Today marks the 30th anniversary of Piper Alpha when a number 0f explosions ripped through the offshore installation killing 167 workers and left the lives of 61 survivors and their families changed forever as the impact of surviving such a tragedy took a toll, both physically and psychologically on survivors and their loved ones.
The inquiry into the disaster headed by Lord Cullen was to hear from many witnesses as the chain of events and health and safety failures unfolded that led to the hydrocarbon release and its ignition that causing the wholesale devesation that left 167 families bereaved.
The findings of the inquiry and Lord Cullen’s recommendations were to change the health and safety landscape on the UK Continental Shelf forever. Or did they?
Perhaps the two key recommendations were stripping the Department of Energy of responsibility for safety regulation offshore and proposals to develop a safety case regime.
Thr first recommendation was felt necessary to avoid what had been a clear conflict of interest, whereby the Government department setting our energy policy also had responsibility for enforcement of health and safety regulations within the offshore industry.
The second was Lord Cullen’s view that the offshore industry should develop a safety case regime similar to that in the United Kingdom nuclear industry, where offshore installation operators have to develop a health and safety plan that demonstrates to the HSE their compliance with relavant safety regulations.
The first Offshore Installations (Safety Case) Regulations came into force in 1992 and place, among other things, a duty on installation operators to develop and implement safety cases that meet HSE approval and to review safety cases every 3 years; however the later Offshore Installations (Safety Case) 2o05 regulations relaxed this duty and now safety cases apply throughout the life of an installation with certain circumstances dictating when a revision is required.
This relaxation was driven by industry leaders pedalling the over burdensome regulatory burdens myth while apparently forgetting the reason the safety case regime was introduced in the first place.
What is concerning is that, even taking into account the less burdensome regime, opearators still do not appear to grasp what the safety case compels them to do.
In a 2016 court case reported in IOSH Magazine Conoco Philips were fined £3 million (£1million for each offence)after pleading guilty to 3 hydrocarbon releases in 2 days in 2012 (24 years after Piper Alpha and 20 years after the safety case regulations were introduced), they had the audacity to appeal the level of the fine, however the appeal judges were having none it,
At the appeal hearing, Judge Treacy told the court: “The risk involved was foreseeable and significant.
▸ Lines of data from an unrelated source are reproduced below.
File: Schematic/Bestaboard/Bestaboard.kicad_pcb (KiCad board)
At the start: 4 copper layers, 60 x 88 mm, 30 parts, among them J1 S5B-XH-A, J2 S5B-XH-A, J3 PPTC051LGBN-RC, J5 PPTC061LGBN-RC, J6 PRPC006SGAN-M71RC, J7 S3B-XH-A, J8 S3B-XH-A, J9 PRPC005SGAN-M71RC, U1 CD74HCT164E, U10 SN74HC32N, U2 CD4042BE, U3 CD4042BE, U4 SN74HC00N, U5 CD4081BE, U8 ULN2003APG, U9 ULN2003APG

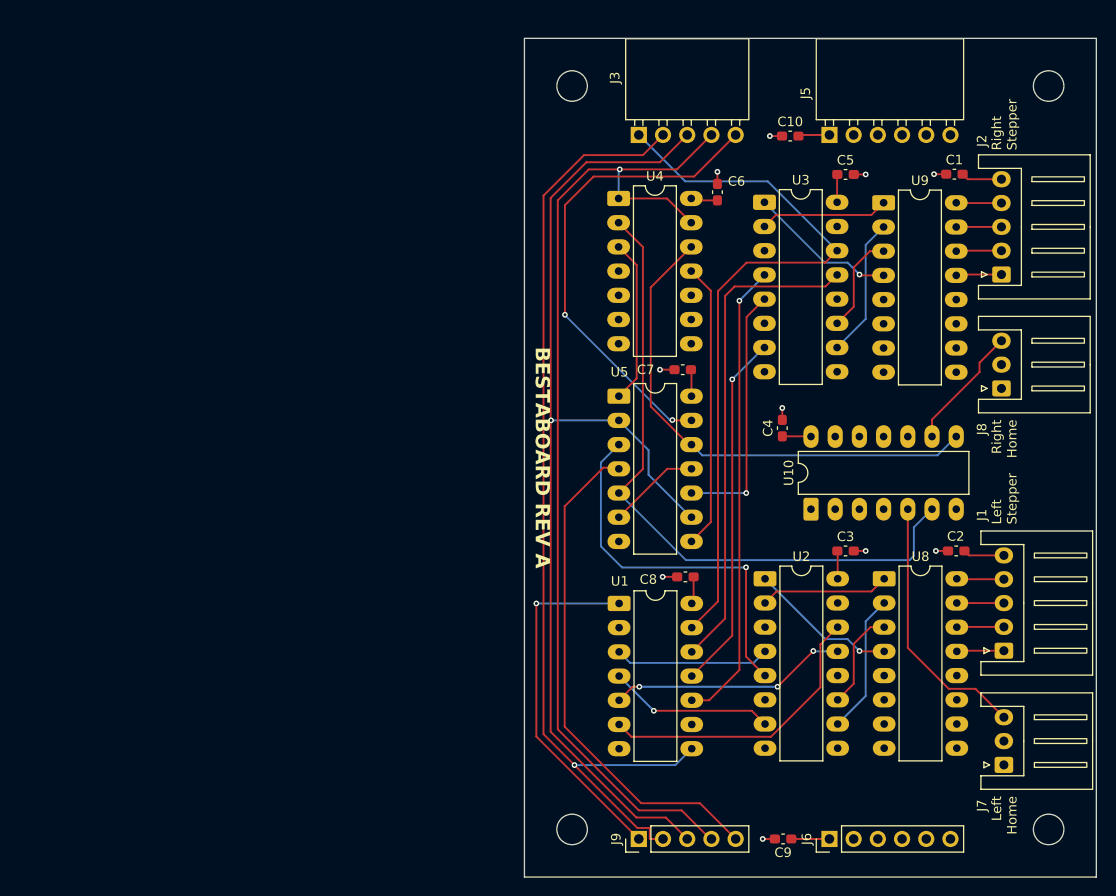
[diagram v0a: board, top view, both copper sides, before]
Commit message: Prints, Schematic, PCB, Code Update
Prints - Created print plates for flips, drum and frame, updated frame to have mounting holes on the bottom.
PCB/Schematic - Changed to 14 pin NAND chip, updated parameters.
Code - Changed code to alternate between homing and character rotation.
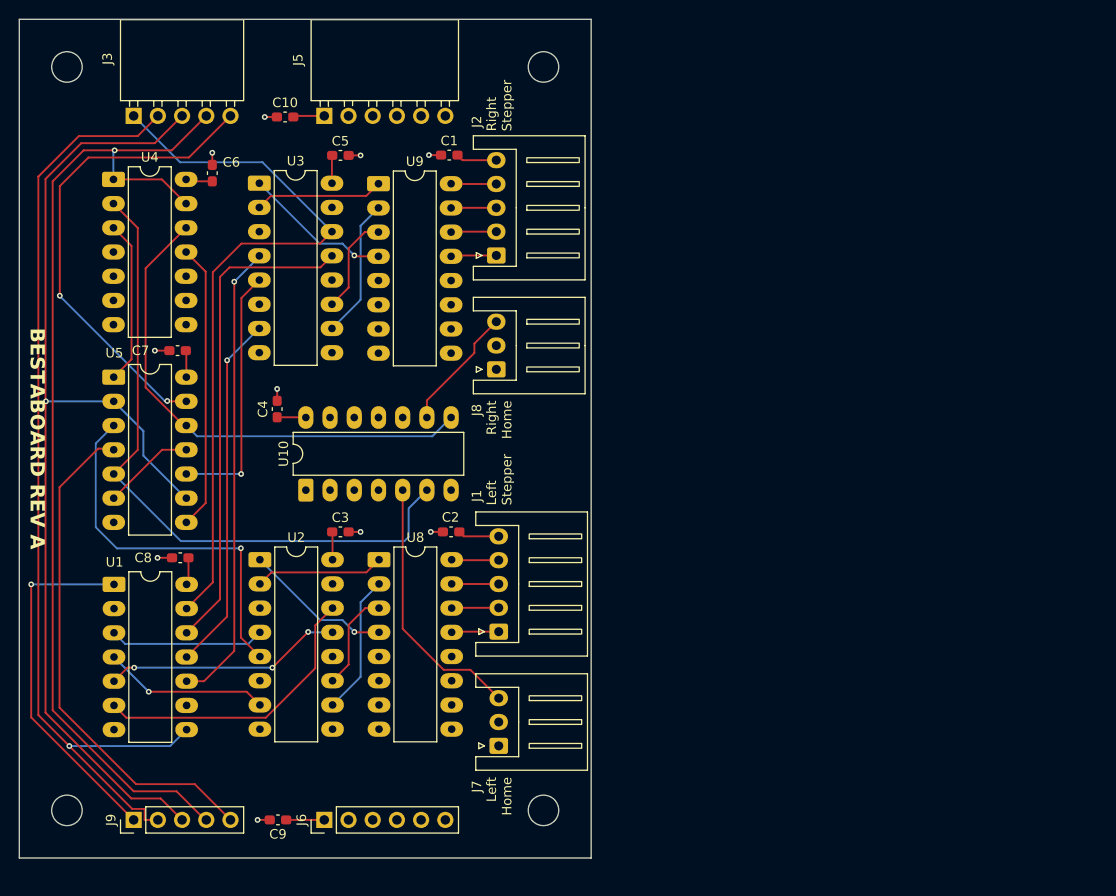
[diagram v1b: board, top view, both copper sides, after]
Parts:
- U10: value SN74HC32N -> TC74HC04APF
- U8, U9: value ULN2003APG -> ULN2003A
- moved C1 53.0 mm to (95.1, 64.2)
- moved J2 53.0 mm to (100.0, 74.8)
- moved J8 53.0 mm to (100.0, 86.7)
- moved C2 53.0 mm to (95.3, 103.8)
- moved C3 53.0 mm to (83.7, 103.8)
- moved C4 53.0 mm to (77.1, 90.9)
- moved C5 53.0 mm to (83.7, 64.3)
- moved C6 53.0 mm to (70.2, 66.1)
- moved C7 53.0 mm to (66.6, 84.8)
- moved C8 53.0 mm to (66.9, 106.5)
- moved H1 53.0 mm to (55.0, 55.0)
- moved H2 53.0 mm to (105.0, 55.0)
- moved H3 53.0 mm to (105.0, 133.0)
- moved H4 53.0 mm to (55.0, 133.0)
- moved J1 53.0 mm to (100.3, 114.2)
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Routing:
- added copper zone on In2.Cu, net +5V
- added copper zone on In1.Cu, net GND
- removed copper zone on In1.Cu, net +5V
- removed copper zone on In2.Cu, net GND
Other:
- board text added: "0"
- board text added: "0 mm"
- board text added: "0.0000 mm / 0.0000 mm"
- board text added: "0.01 mm"
- board text added: "0.02"
- board text added: "0.035 mm"
- board text added: "0.1 mm"
- board text added: "0.3000 mm"
- board text added: "1"
- board text added: "1.24 mm"
- board text added: "1.6000 mm"
- board text added: "3.3"
- board text added: "4"
- board text added: "4.5"
- board text added: "60.0000 mm x 88.0000 mm"
- board text added: "B.Cu"
- board text added: "B.Mask"
- board text added: "B.Paste"
- board text added: "B.Silkscreen"
- board text added: "BOARD CHARACTERISTICS"
- board text added: "Board Thickness:"
- board text added: "Board overall dimensions:"
- board text added: "Bottom Silk Screen"
- board text added: "Bottom Solder Mask"
- board text added: "Bottom Solder Paste"
- board text added: "Castellated pads:"
- board text added: "Color"
- board text added: "Copper Finish:"
- board text added: "Copper Layer Count:"
- board text added: "Dielectric"
- board text added: "Edge card connectors:"
- board text added: "Epsilon R"
- board text added: "F.Cu"
- board text added: "F.Mask"
- board text added: "F.Paste"
- board text added: "F.Silkscreen"
- board text added: "FR4"
- board text added: "FR4 natural"
- board text added: "Green"
- board text added: "Impedance Control:"
- board text added: "In1.Cu"
- board text added: "In2.Cu"
- board text added: "Layer Name"
- board text added: "Loss Tangent"
- board text added: "Material"
- board text added: "Min hole diameter:"
- board text added: "Min track/spacing:"
- board text added: "No"
- board text added: "None"
- board text added: "Not specified"
- board text added: "Plated Board Edge:"
- board text added: "Thickness (mm)"
- board text added: "Top Silk Screen"
- board text added: "Top Solder Mask"
- board text added: "Top Solder Paste"
- board text added: "Type"
- board text added: "White"
- board text added: "copper"
- board text added: "core"
- board text added: "prepreg"

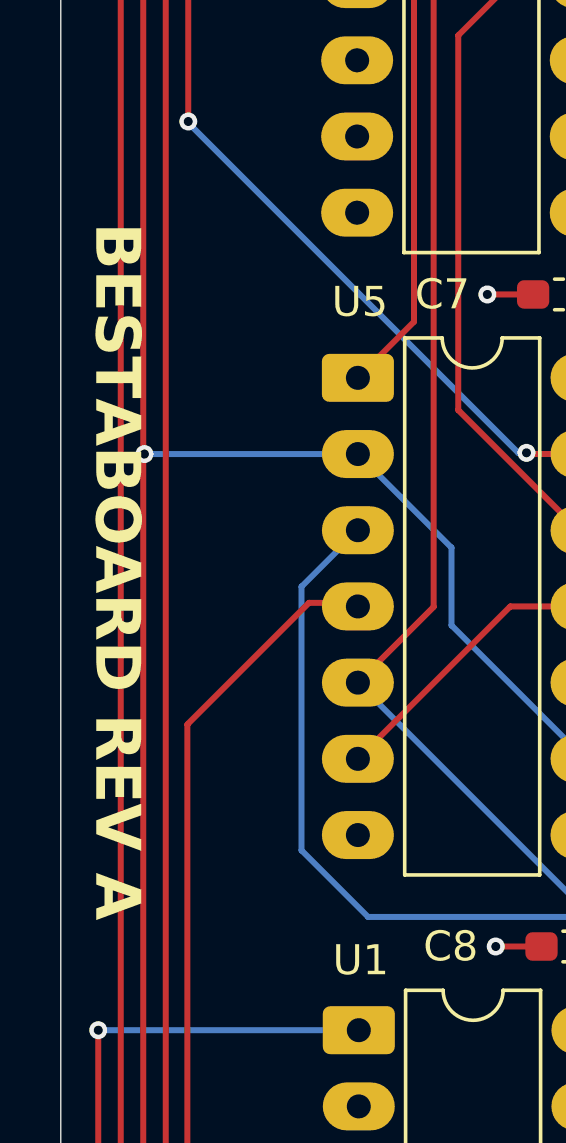
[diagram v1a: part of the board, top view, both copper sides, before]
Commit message: PCB Board Ordered vA
Board and schematic ordered to match this repo.
Continued work on 3D model to increase size of drum.
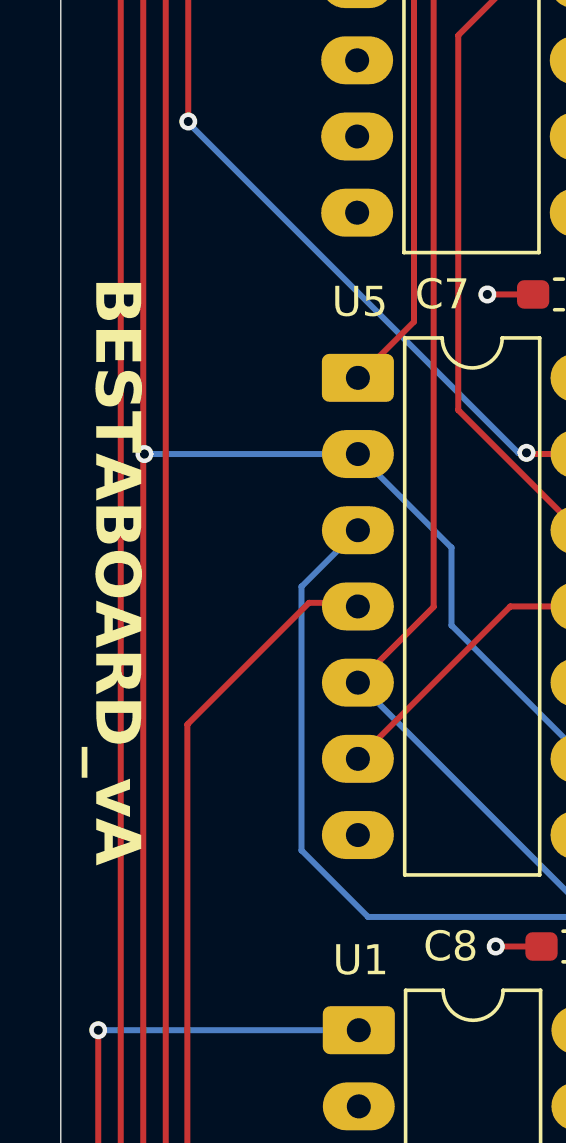
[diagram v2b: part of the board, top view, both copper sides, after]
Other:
- board text added: "BESTABOARD_vA"
- board text removed: "BESTABOARD REV A"
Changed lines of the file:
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@@
 	(generator_version "9.0")
 	(general
-		(thickness 1.6)
+		(thickness 1.600198)
 		(legacy_teardrops no)
 	)
@@
 		(6 "In2.Cu" signal)
 		(2 "B.Cu" signal)
-		(9 "F.Adhes" user "F.Adhesive")
-		(11 "B.Adhes" user "B.Adhesive")
 		(13 "F.Paste" user)
 		(15 "B.Paste" user)
-		(5 "F.SilkS" user "F.Silkscreen")
-		(7 "B.SilkS" user "B.Silkscreen")
+		(5 "F.SilkS" user "F.SilkScreen")
+		(7 "B.SilkS" user "B.SilkScreen")
 		(1 "F.Mask" user)
 		(3 "B.Mask" user)
-		(17 "Dwgs.User" user "User.Drawings")
-		(19 "Cmts.User" user "User.Comments")
-		(21 "Eco1.User" user "User.Eco1")
-		(23 "Eco2.User" user "User.Eco2")
 		(25 "Edge.Cuts" user)
 		(27 "Margin" user)
-		(31 "F.CrtYd" user "F.Courtyard")
-		(29 "B.CrtYd" user "B.Courtyard")
+		(31 "F.CrtYd" user)
+		(29 "B.CrtYd" user)
 		(35 "F.Fab" user)
-		(33 "B.Fab" user)
-		(39 "User.1" user)
-		(41 "User.2" user)
-		(43 "User.3" user)
-		(45 "User.4" user)
 	)
 	(setup
@@
 			(layer "F.SilkS"
 				(type "Top Silk Screen")
-				(color "White")
 			)
 			(layer "F.Paste"
@@
 			(layer "F.Mask"
 				(type "Top Solder Mask")
-				(color "Green")
 				(thickness 0.01)
 			)
@@
 			)
 			(layer "dielectric 1"
-				(type "prepreg")
-				(color "FR4 natural")
-				(thickness 0.1)
+				(type "core")
+				(thickness 0.480066)
 				(material "FR4")
 				(epsilon_r 4.5)
@@
 			)
 			(layer "dielectric 2"
-				(type "core")
-				(color "FR4 natural")
-				(thickness 1.24)
+				(type "prepreg")
+				(thickness 0.480066)
 				(material "FR4")
 				(epsilon_r 4.5)
@@
 			)
 			(layer "dielectric 3"
-				(type "prepreg")
-				(color "FR4 natural")
-				(thickness 0.1)
+				(type "core")
+				(thickness 0.480066)
 				(material "FR4")
 				(epsilon_r 4.5)
@@
 			(layer "B.Mask"
 				(type "Bottom Solder Mask")
-				(color "Green")
 				(thickness 0.01)
 			)
@@
 			(layer "B.SilkS"
 				(type "Bottom Silk Screen")
-				(color "White")
 			)
 			(copper_finish "None")
@@
 		)
 		(pad_to_mask_clearance 0)
+		(solder_mask_min_width 0.1016)
 		(allow_soldermask_bridges_in_footprints no)
 		(tenting front back)
@@
 			(plot_on_all_layers_selection 0x00000000_00000000_00000000_00000000)
 			(disableapertmacros no)
-			(usegerberextensions no)
+			(usegerberextensions yes)
 			(usegerberattributes yes)
 			(usegerberadvancedattributes yes)
-			(creategerberjobfile yes)
+			(creategerberjobfile no)
 			(dashed_line_dash_ratio 12.000000)
 			(dashed_line_gap_ratio 3.000000)
@@
 			(outputformat 1)
 			(mirror no)
-			(drillshape 1)
+			(drillshape 0)
 			(scaleselection 1)
-			(outputdirectory "")
+			(outputdirectory "../Drill/")
 		)
 	)
@@
 		)
 	)
-	(gr_text "BESTABOARD REV A"
+	(gr_text "BESTABOARD_vA"
 		(at 51 94 270)
 		(layer "F.SilkS")
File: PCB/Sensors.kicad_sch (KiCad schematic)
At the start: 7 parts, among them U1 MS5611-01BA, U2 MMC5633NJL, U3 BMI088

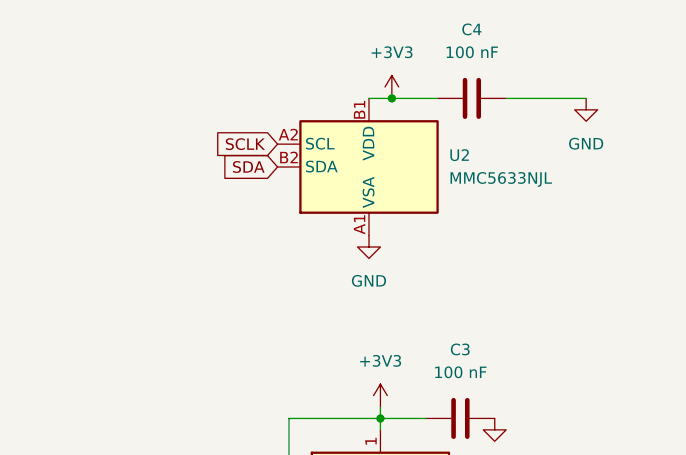
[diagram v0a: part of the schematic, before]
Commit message: removed MMC5603
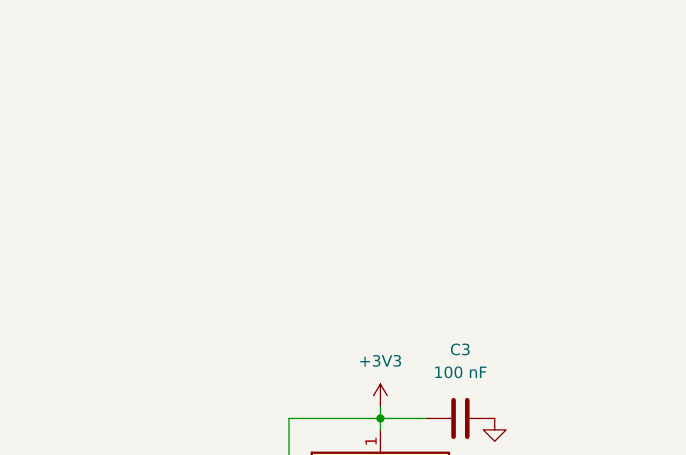
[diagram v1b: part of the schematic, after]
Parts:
- removed C4: 100 nF, Capacitor_SMD:C_0603_1608Metric, symbol Device:C
- removed U2: MMC5633NJL, Package_BGA:WLP-4_0.86x0.86mm_P0.4mm, symbol Sensor_Magnetic:MMC5633NJL

If the gas had ignited the risk to personnel of death or serious was extremely high […] All 66 occupants of the platform had been put at significant risk.
If safety cases provide well documented reasoned argument to demonstrate compliance with health and safety laws why did these leaks happen, why are so many offshore workers continuing to be at risk from hydro carbon realeases and why has the HSE’s Head of Energy Division Cliff Flint felt compelled to write to operators urging industry senior leaders to assess their operations and to reflect on the learning from incidents across the process industries to identify where improvements can be made.
More recently the Offshore Installations (Safety Case Regulations) 2015 places a duty on operators to evidence proper consultation with safety reps on preparation or revision of a safety case and how their views have been taken into account and, if not, provide reasons why not. Further provision was made in these regulations ensuring duty holders make adequate arrangements to communicate national arrangements for anonymously reporting health and safety concerns.
These two particular provisions are welcome and provide opportunity to ensure the views of workers are taken into account when developing the safety case and for the first time should have confidence in reporting health and safety concerns anonymously. However to have any chance of success thes provisions have to have the confidence of the workforce, this can only be achived by strong enforcement to ensure adherence to safety cases by operators and action taken against those that do not.
Strong words from Chris Flint have to be backed up by strong enforcement activity and workers need to see evidence of anonymous complaints being taken seriously.
Scottish Hazards supports unions working in the sector, there should never be another Piper Alpha and there should be no compromise on safety during economic downturns or when oil prices plummet.
The concept of fair work should apply as equally on offshore platforms as it does in onshore workplaces, trade unions can provide the most effectice voice for offshore workers, especially a health and safety voice.
Without that voice, creating the health and safety culture offshore HSE, Chris Flint says is needed for workers to feel confident in reporting concerns will remain a pipe dream for offshore workers and hydrocarbon releases of the type that caused 167 death on Piper Alpha in 1988 and put 66 Conoco Phillips workers at risk 24 years later will continue to happen.